WHAT TO WORK ON
Could you restate exactly the lines that begin at the line with "Fuzzy Logic Controller : fuzblock/Fuzzy" and end at the final line of the data?

--------------------------------

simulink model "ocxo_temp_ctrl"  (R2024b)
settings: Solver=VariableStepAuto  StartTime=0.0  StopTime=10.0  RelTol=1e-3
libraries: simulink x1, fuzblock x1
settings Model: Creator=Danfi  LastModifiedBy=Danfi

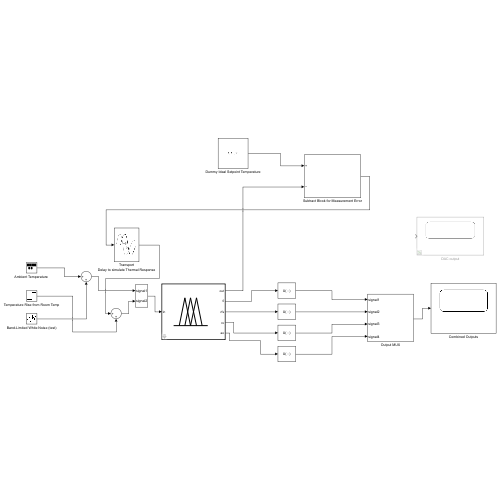
[thumbnail: Simulink's stored preview of the top-level diagram]
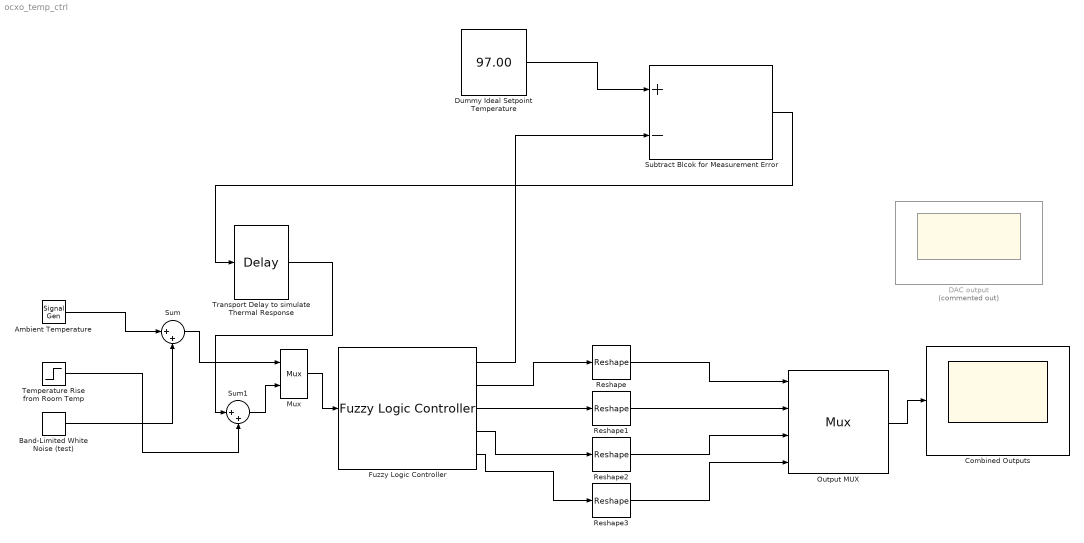
== system ocxo_temp_ctrl ==
  "Ambient Temperature " : SignalGenerator  Amplitude=3.5  Frequency=0.001
  Band-Limited White Noise (test) : simulink/Sources/Band-Limited White Noise  Cov=[0.01]  Ts=0.1  seed=[23341]
  Combined Outputs : Scope
  DAC output : Scope  Commented=on
  Dummy Ideal Setpoint Temperature : Constant  Value=97.00
  Fuzzy Logic Controller : fuzblock/Fuzzy Logic  Controller  FIS='OCXO_Type2_Sugeno_1.fis'  OutputSampleNumber=101  DataType=double  FuzzifiedInputs=on  RuleFiringStrengths=on  RuleOutputs=on  AggregatedOutputs=on  SimulateUsing=Interpreted execution  OutOfRangeInputValueMessage=warning  NoRuleFiredMessage=warning  EmptyOutputFuzzySetMessage=warning
  Mux : Mux  Inputs=2
      settings: DisplayOption=signals
  Output MUX : Mux
      settings: DisplayOption=signals
  Reshape{,1..3} (4 alike) : Reshape
  Subtract Blcok for Measurement Error : Sum  Inputs=+-  OutDataTypeStr=double  AccumDataTypeStr=double
  Sum : Sum  Inputs=|++
  Sum1 : Sum  Inputs=|++
  Temperature Rise from Room Temp : Step  Time=0  Before=25  After=97  SampleTime=120
  Transport Delay to simulate Thermal Response : TransportDelay  DelayTime=10  InitialOutput=25
  wires:
  Output MUX/1 -> Combined Outputs/1
  Fuzzy Logic Controller/1 -> Subtract Blcok for Measurement Error/2
  Dummy Ideal Setpoint Temperature/1 -> Subtract Blcok for Measurement Error/1
  Subtract Blcok for Measurement Error/1 -> Transport Delay to simulate Thermal Response/1
  Fuzzy Logic Controller/2 -> Reshape/1
  Reshape/1 -> Output MUX/1
  Fuzzy Logic Controller/3 -> Reshape1/1
  Reshape1/1 -> Output MUX/2
  Fuzzy Logic Controller/4 -> Reshape2/1
  Reshape2/1 -> Output MUX/3
  Fuzzy Logic Controller/5 -> Reshape3/1
  Reshape3/1 -> Output MUX/4
  "Ambient Temperature "/1 -> Sum/1
  Band-Limited White Noise (test)/1 -> Sum/2
  Temperature Rise from Room Temp/1 -> Sum1/2
  Transport Delay to simulate Thermal Response/1 -> Sum1/1
  Sum/1 -> Mux/1
  Sum1/1 -> Mux/2
  Mux/1 -> Fuzzy Logic Controller/1

--------------------------------

FINISHED EXERCISE
  Fuzzy Logic Controller : fuzblock/Fuzzy Logic  Controller  FIS='OCXO_Type2_Sugeno_1.fis'  OutputSampleNumber=101  DataType=double  FuzzifiedInputs=on  RuleFiringStrengths=on  RuleOutputs=on  AggregatedOutputs=on  SimulateUsing=Interpreted execution  OutOfRangeInputValueMessage=warning  NoRuleFiredMessage=warning  EmptyOutputFuzzySetMessage=warning
  Mux : Mux  Inputs=2
      settings: DisplayOption=signals
  Output MUX : Mux
      settings: DisplayOption=signals
  Reshape{,1..3} (4 alike) : Reshape
  Subtract Blcok for Measurement Error : Sum  Inputs=+-  OutDataTypeStr=double  AccumDataTypeStr=double
  Sum : Sum  Inputs=|++
  Sum1 : Sum  Inputs=|++
  Temperature Rise from Room Temp : Step  Time=0  Before=25  After=97  SampleTime=120
  Transport Delay to simulate Thermal Response : TransportDelay  DelayTime=10  InitialOutput=25
  wires:
  Output MUX/1 -> Combined Outputs/1
  Fuzzy Logic Controller/1 -> Subtract Blcok for Measurement Error/2
  Dummy Ideal Setpoint Temperature/1 -> Subtract Blcok for Measurement Error/1
  Subtract Blcok for Measurement Error/1 -> Transport Delay to simulate Thermal Response/1
  Fuzzy Logic Controller/2 -> Reshape/1
  Reshape/1 -> Output MUX/1
  Fuzzy Logic Controller/3 -> Reshape1/1
  Reshape1/1 -> Output MUX/2
  Fuzzy Logic Controller/4 -> Reshape2/1
  Reshape2/1 -> Output MUX/3
  Fuzzy Logic Controller/5 -> Reshape3/1
  Reshape3/1 -> Output MUX/4
  "Ambient Temperature "/1 -> Sum/1
  Band-Limited White Noise (test)/1 -> Sum/2
  Temperature Rise from Room Temp/1 -> Sum1/2
  Transport Delay to simulate Thermal Response/1 -> Sum1/1
  Sum/1 -> Mux/1
  Sum1/1 -> Mux/2
  Mux/1 -> Fuzzy Logic Controller/1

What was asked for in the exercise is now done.